Ramblings of an aging IT geek
← Ramblings of an aging IT geek
linux

when logrotate quietly stops working because the app won't reopen

An app that held its log file open after rotation filled a disk with deleted-but-open data, and how copytruncate and a proper reopen fixed it.

A Linux terminal showing log files and disk usage

The disk filled up on a box where du swore blind there was plenty of space. That contradiction is one of my favourite Unix tells, and it points almost every time at the same thing: a file that has been deleted but is still held open by a running process. The space cannot be reclaimed until the process lets go.

The culprit here was logrotate doing exactly what it was told, and an application refusing to play along. logrotate had renamed app.log to app.log.1, gzipped the older ones, and removed the oldest.
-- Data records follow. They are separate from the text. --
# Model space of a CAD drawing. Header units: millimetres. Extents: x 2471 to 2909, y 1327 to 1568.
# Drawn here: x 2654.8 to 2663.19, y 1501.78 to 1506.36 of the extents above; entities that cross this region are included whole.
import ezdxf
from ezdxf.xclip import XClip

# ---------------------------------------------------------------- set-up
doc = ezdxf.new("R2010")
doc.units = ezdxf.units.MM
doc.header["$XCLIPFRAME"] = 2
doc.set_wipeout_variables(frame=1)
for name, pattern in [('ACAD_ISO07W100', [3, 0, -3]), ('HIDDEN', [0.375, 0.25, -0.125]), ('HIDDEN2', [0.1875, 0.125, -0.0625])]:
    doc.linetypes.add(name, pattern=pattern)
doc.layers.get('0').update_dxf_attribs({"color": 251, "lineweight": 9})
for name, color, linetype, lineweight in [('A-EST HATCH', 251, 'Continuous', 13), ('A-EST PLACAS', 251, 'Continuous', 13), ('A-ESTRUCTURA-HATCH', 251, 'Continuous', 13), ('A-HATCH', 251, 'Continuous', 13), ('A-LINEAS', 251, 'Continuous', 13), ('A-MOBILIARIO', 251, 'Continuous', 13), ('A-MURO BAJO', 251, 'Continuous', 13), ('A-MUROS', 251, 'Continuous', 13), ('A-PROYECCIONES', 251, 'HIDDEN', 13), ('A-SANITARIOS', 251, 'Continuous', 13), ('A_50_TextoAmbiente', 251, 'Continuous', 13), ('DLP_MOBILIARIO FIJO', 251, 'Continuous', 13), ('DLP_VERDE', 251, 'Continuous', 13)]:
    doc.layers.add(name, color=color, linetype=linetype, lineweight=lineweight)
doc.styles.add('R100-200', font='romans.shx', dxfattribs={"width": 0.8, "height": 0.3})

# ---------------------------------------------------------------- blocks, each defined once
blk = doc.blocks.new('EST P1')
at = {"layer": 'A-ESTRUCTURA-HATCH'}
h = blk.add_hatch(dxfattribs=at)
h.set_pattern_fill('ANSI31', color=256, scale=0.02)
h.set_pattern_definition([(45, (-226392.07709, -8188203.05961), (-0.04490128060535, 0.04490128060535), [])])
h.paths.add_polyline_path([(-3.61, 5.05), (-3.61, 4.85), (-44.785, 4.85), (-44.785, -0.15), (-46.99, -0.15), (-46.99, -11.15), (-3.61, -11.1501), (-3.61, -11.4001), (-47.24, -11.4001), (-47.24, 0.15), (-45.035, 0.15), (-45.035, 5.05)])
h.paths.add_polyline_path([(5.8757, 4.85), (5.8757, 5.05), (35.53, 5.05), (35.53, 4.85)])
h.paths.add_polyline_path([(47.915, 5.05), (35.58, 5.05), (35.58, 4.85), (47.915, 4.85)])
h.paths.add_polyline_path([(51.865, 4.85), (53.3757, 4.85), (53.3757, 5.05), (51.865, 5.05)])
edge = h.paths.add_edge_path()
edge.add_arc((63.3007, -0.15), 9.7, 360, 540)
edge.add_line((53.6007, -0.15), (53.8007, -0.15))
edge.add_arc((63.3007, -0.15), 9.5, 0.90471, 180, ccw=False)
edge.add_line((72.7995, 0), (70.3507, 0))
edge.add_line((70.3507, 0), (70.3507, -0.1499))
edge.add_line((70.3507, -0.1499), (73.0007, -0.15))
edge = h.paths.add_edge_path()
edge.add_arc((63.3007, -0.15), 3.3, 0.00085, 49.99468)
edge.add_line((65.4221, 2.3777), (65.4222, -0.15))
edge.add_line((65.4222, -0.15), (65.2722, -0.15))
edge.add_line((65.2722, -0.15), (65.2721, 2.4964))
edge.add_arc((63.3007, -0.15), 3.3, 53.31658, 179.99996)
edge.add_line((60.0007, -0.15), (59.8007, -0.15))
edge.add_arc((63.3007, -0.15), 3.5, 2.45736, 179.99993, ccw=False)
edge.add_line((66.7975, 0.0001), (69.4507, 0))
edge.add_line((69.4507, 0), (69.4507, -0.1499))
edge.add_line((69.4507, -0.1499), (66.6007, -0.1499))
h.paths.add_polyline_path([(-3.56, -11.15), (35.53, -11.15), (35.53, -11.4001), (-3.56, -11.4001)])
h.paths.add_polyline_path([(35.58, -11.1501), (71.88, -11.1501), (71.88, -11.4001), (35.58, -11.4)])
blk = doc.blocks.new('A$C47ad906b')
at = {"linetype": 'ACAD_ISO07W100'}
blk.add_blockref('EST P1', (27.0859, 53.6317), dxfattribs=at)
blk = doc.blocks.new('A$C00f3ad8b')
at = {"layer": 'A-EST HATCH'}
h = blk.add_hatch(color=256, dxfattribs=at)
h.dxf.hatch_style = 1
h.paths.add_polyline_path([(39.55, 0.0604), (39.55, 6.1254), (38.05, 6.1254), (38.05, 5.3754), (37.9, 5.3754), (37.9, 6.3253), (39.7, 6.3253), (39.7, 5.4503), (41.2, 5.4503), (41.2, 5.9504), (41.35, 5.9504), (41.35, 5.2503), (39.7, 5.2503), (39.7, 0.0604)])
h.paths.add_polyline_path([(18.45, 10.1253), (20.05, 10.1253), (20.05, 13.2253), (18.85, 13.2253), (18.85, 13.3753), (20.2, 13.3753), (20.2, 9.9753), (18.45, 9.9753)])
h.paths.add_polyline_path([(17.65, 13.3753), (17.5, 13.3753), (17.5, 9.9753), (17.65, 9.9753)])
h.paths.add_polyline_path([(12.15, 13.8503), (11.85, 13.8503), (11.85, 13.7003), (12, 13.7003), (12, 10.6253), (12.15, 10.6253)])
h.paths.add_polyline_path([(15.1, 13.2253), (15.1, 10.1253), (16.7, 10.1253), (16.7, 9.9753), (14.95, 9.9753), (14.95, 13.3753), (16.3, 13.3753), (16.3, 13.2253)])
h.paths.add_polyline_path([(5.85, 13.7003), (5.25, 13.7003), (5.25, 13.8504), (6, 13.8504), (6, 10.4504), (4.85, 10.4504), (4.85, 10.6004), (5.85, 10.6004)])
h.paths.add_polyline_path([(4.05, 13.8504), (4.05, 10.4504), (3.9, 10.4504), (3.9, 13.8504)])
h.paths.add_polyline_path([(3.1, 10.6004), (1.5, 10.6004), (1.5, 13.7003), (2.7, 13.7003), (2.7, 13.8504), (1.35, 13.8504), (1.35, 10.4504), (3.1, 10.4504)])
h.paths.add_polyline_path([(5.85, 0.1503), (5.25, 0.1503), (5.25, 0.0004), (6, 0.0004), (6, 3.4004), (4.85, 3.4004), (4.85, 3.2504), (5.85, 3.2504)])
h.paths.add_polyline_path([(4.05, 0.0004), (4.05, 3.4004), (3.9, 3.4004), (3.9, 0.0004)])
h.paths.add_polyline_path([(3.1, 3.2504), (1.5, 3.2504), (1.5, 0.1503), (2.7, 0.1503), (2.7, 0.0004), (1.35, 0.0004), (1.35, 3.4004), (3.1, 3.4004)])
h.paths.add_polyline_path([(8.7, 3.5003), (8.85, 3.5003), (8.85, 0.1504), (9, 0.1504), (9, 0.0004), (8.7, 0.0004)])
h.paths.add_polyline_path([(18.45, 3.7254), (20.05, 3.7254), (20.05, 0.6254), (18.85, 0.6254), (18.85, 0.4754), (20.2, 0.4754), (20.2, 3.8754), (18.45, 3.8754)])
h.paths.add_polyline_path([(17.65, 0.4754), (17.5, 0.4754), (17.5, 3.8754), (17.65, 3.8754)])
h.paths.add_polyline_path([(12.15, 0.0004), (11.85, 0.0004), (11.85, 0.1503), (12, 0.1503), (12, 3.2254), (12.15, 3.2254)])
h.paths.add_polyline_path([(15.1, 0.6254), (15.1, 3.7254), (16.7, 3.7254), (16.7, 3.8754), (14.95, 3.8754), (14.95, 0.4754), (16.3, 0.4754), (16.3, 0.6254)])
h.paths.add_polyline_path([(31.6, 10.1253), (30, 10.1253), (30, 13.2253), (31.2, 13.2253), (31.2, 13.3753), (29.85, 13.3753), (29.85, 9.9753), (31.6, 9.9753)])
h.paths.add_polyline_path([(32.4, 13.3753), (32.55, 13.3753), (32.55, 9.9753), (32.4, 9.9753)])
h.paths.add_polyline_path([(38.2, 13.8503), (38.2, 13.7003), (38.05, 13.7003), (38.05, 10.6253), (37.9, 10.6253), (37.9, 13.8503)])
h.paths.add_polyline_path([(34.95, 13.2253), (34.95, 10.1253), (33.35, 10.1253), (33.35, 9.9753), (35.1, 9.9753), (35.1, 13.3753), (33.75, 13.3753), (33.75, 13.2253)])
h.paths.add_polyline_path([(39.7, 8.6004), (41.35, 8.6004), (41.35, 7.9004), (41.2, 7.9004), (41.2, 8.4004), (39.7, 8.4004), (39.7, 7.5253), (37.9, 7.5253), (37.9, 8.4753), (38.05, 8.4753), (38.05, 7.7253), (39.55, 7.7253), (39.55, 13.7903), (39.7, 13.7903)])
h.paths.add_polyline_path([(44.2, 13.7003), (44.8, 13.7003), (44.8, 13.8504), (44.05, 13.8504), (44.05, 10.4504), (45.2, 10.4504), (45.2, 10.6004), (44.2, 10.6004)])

But the app had the original inode open and kept writing to it. As far as the kernel was concerned, that data was still live, just nameless. df saw a full disk; du saw nothing to account for it.

Confirming it

lsof settles the argument instantly:

lsof +L1   # files with a link count below 1: open but unlinked

There it was, the app's process holding a deleted log file that had grown to several gigabytes. The fix at 2am was the blunt one: restart the service, the file handle closed, the space came back, the disk breathed out.

A rack server with status lights

The real fix

The proper fix is to make rotation and the application agree on what is happening. There are two honest ways to do it.

The clean way is to have logrotate signal the app to reopen its log after rotation, usually with a postrotate script that sends SIGHUP or SIGUSR1:

/var/log/myapp/*.log {
    daily
    rotate 14
    compress
    delaycompress
    missingok
    notifempty
    postrotate
        systemctl kill -s HUP myapp.service
    endscript
}

That only works if the application actually listens for the signal and reopens its files. This one did not. It logged straight to a file descriptor it opened once at startup and never reconsidered, and it treated SIGHUP as "terminate". Sending it the signal would not reopen the log, it would just kill the process.

For an app that genuinely cannot reopen on demand, the pragmatic answer is copytruncate:

/var/log/myapp/*.log {
    daily
    rotate 14
    compress
    copytruncate
}

Instead of renaming the file out from under the app, logrotate copies the current contents aside and then truncates the original in place. The app keeps writing to the same inode, which is now empty, and nobody holds a deleted ghost. The cost is a small race window where lines written during the copy can be lost, and a brief doubling of disk use, but for a chatty app that ignores signals it is the lesser evil.

The takeaway

Rotation is not just moving files around; it is a contract between the rotator and the writer about who owns the file descriptor. If the app reopens on signal, signal it. If it stubbornly will not, copytruncate and accept the small race. The failure mode of getting this wrong is invisible until a disk fills with data that nothing will admit exists.